**What the exercise asks:**
In the records below, find the line that contains "circle A3 centre (3.5, -3) radius 1.5" and the line that contains "line L16 (6, -1.5) -> (6, -11)", then retype exactly those two lines and every line between them.

**Data:**

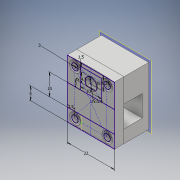
# Autodesk Inventor part: dallas_holder
Saved by Autodesk Inventor 2017 (Build 210142000, 142)
## iProperties
Created: 2020-12-30
Part Number: dallas_holder
Material: Generic
Document SubType Name: Modeling
Designer: arnek
Density: 1 g/cm^3
Appearance: Default
Author: arnek
Autodesk Inventor part; units mm, degrees
ref_plane "YZ Plane" through (0, 0, 0) normal (1, 0, 0) x (0, 1, 0)
ref_plane "XZ Plane" through (0, 0, 0) normal (0, 1, 0) x (-1, 0, 0)
ref_plane "XY Plane" through (0, 0, 0) normal (0, 0, 1) x (1, 0, 0)
sketch "Sketch1" plane through (0, 0, 0) normal (0, 1, 0) x (-1, 0, 0)
  line L0 (0, 0) -> (22, 0)
  line L1 (22, 0) -> (22, -27)
  line L2 (22, -27) -> (0, -27)
  line L3 (0, -27) -> (0, 0)
  arc A0 (13.1213, -8) -> (8.8787, -8) centre (11, -6.25) ccw
  line L4 (13.1213, -8) -> (8.8787, -8)
  line L5 (11, 0) -> (11, -27) construction
  line L6 (0, -21) -> (22, -21)
  line L7 (22, -11) -> (0, -11)
  circle A1 centre (3.5, -24) radius 1.5
  circle A2 centre (18.5, -24) radius 1.5
  circle A3 centre (3.5, -3) radius 1.5
  circle A4 centre (18.5, -3) radius 1.5
  line L8 (3.5, -3) -> (3.5, -24) construction
  line L9 (3.5, -24) -> (18.5, -24) construction
  line L10 (18.5, -24) -> (18.5, -3) construction
  line L11 (18.5, -3) -> (3.5, -3) construction
  line L12 (0, 0) -> (22, -27) construction
  line L13 (18.5, -3) -> (3.5, -24) construction
  line L14 (15.2792, -21) -> (15.2792, -27) construction
  line L15 (16, -1.5) -> (16, -11)
  line L16 (6, -1.5) -> (6, -11)
  line L17 (16, -1.5) -> (6, -11) construction
  line L18 (16, -1.5) -> (6, -1.5)
  point P0 (11, -13.5)
  point P1 (15.2792, -24)
  point P2 (11, -6.25)
  dimension "d1" = 5.5
  dimension "d2" = 4.5
  dimension "d5" = 6.25
  dimension "d6" = 22
  dimension "d8" = 10
  dimension "d9" = 3
  dimension "d10" = 6
  dimension "d11" = 3
  dimension "d12" = 3.5
  dimension "d16" = 10
  dimension "d17" = 1.5
  constraints: 38 end point, 11 point on line, 6 midpoint, 6 perpendicular, 5 centre point, 4 horizontal, 3 equal radius, 3 parallel, 2 point on circle, 2 vertical, 1 coincident
  measures "d1" diameter of A0
  measures "d5" distance from line of L0 A0.centre
  measures "d6" distance of L1.end L2.end
  measures "d8" distance between parallel lines of L6 L7
  measures "d9" distance between parallel lines of L4 L7
  measures "d10" distance between parallel lines of L2 L6
  measures "d11" diameter of A4
  measures "d12" distance from line of L1 L9.end
  measures "d16" distance between parallel lines of L15 L16
  measures "d17" distance between parallel lines of L0 L18
extrude "Extrusion1" add sketch "Sketch1" along normal blind 4.45
sketch "Sketch2" plane through (0, 0, 0) normal (0, 0, 1) x (1, 0, 0)
  arc A0 (0, 0) -> (-22, 0) centre (-11, -149.5961) ccw
  line L0 (0, 0) -> (-22, 0)
  dimension "d20" = 150
  constraints: 2 coincident, 2 end point, 2 point on circle, 1 centre point
  measures "d20" radius of A0
extrude "Extrusion4" cut sketch "Sketch2" against normal through all
ref_plane "Work Plane1" through (0, 15.95, 0) normal (0, 1, 0) x (1, 0, 0)
extrude "Extrusion5" add sketch "Sketch1" along normal up to surface (11.5 mm away) from surface at 4.45 separate body contours L0 L1 L7 L15 L18 L16 L3 | L6 L1 L2 L3
sketch "Sketch3" plane through (0, 15.95, 0) normal (0, 1, 0) x (1, 0, 0)
  line L0 (0, 21) -> (-22, 21) projected
  line L1 (-22, 21) -> (-22, 27) projected
  line L2 (-22, 27) -> (0, 27) projected
  line L3 (0, 27) -> (0, 21) projected
  circle A0 centre (-18.5, 24) radius 1.5 projected
  circle A1 centre (-3.5, 24) radius 1.5 projected
  line L4 (-16, 11) -> (-16, 1.5) projected
  line L5 (-16, 1.5) -> (-6, 1.5) projected
  line L6 (-6, 1.5) -> (-6, 11) projected
  line L7 (-6, 11) -> (0, 11) projected
  line L8 (0, 11) -> (0, 0) projected
  line L9 (0, 0) -> (-22, 0) projected
  line L10 (-22, 0) -> (-22, 11) projected
  line L11 (-22, 11) -> (-16, 11) projected
  circle A2 centre (-3.5, 3) radius 1.5 projected
  circle A3 centre (-18.5, 3) radius 1.5 projected
  line L12 (-6, 11) -> (0, 11) projected
  line L13 (0, 11) -> (0, 21)
  line L14 (0, 0) -> (0, 27) projected
  line L15 (-22, 11) -> (-22, 21)
  constraints: 4 end point, 1 collinear, 1 vertical
extrude "Extrusion6" add sketch "Sketch3" against normal blind 3 contours L13 L7 L6 L5 L4 L11 L15 L0 bodies 2
sketch "Sketch4" plane through (0, 15.95, -27) normal (0, 0, -1) x (-1, 0, 0)
  line L0 (0, -11.5) -> (22, -11.5) projected
  circle A0 centre (11, -11.5) radius 3.5
  point P0 (0, -15.95)
  dimension "d28" = 7
  constraints: 1 centre point, 1 midpoint
  measures "d28" diameter of A0
extrude "Extrusion7" cut sketch "Sketch4" against normal up to surface (6 mm away) bodies 2
sketch "Sketch5" plane through (0, 0, 0) normal (0, 1, 0) x (-1, 0, 0)
  circle A0 centre (3.5, -24) radius 1.5 projected
  circle A1 centre (3.5, -24) radius 2.5
  circle A2 centre (18.5, -24) radius 2.5
  circle A3 centre (18.5, -3) radius 2.5
  circle A4 centre (3.5, -3) radius 1.5 projected
  circle A5 centre (3.5, -3) radius 2.5
  point P0 (0, 0)
  dimension "d31" = 5
  constraints: 4 centre point, 4 coincident, 3 equal radius
  measures "d31" diameter of A1
extrude "Extrusion8" cut sketch "Sketch5" along normal blind 3 bodies 2 1
equation "\"d1\" = dallas_diameter + 2 * Margin"
equation "\"d2\" = dallas_short_diameter + 2 * Margin"
equation "\"Margin\" = 0.5"
equation "\"dallas_diameter\" = 4.5"
equation "\"dallas_short_diameter\" = 3.5"
equation "\"height_part\" = 15.5"
body "Solid1"
body "Solid2"

**Solved problem:**
  circle A3 centre (3.5, -3) radius 1.5
  circle A4 centre (18.5, -3) radius 1.5
  line L8 (3.5, -3) -> (3.5, -24) construction
  line L9 (3.5, -24) -> (18.5, -24) construction
  line L10 (18.5, -24) -> (18.5, -3) construction
  line L11 (18.5, -3) -> (3.5, -3) construction
  line L12 (0, 0) -> (22, -27) construction
  line L13 (18.5, -3) -> (3.5, -24) construction
  line L14 (15.2792, -21) -> (15.2792, -27) construction
  line L15 (16, -1.5) -> (16, -11)
  line L16 (6, -1.5) -> (6, -11)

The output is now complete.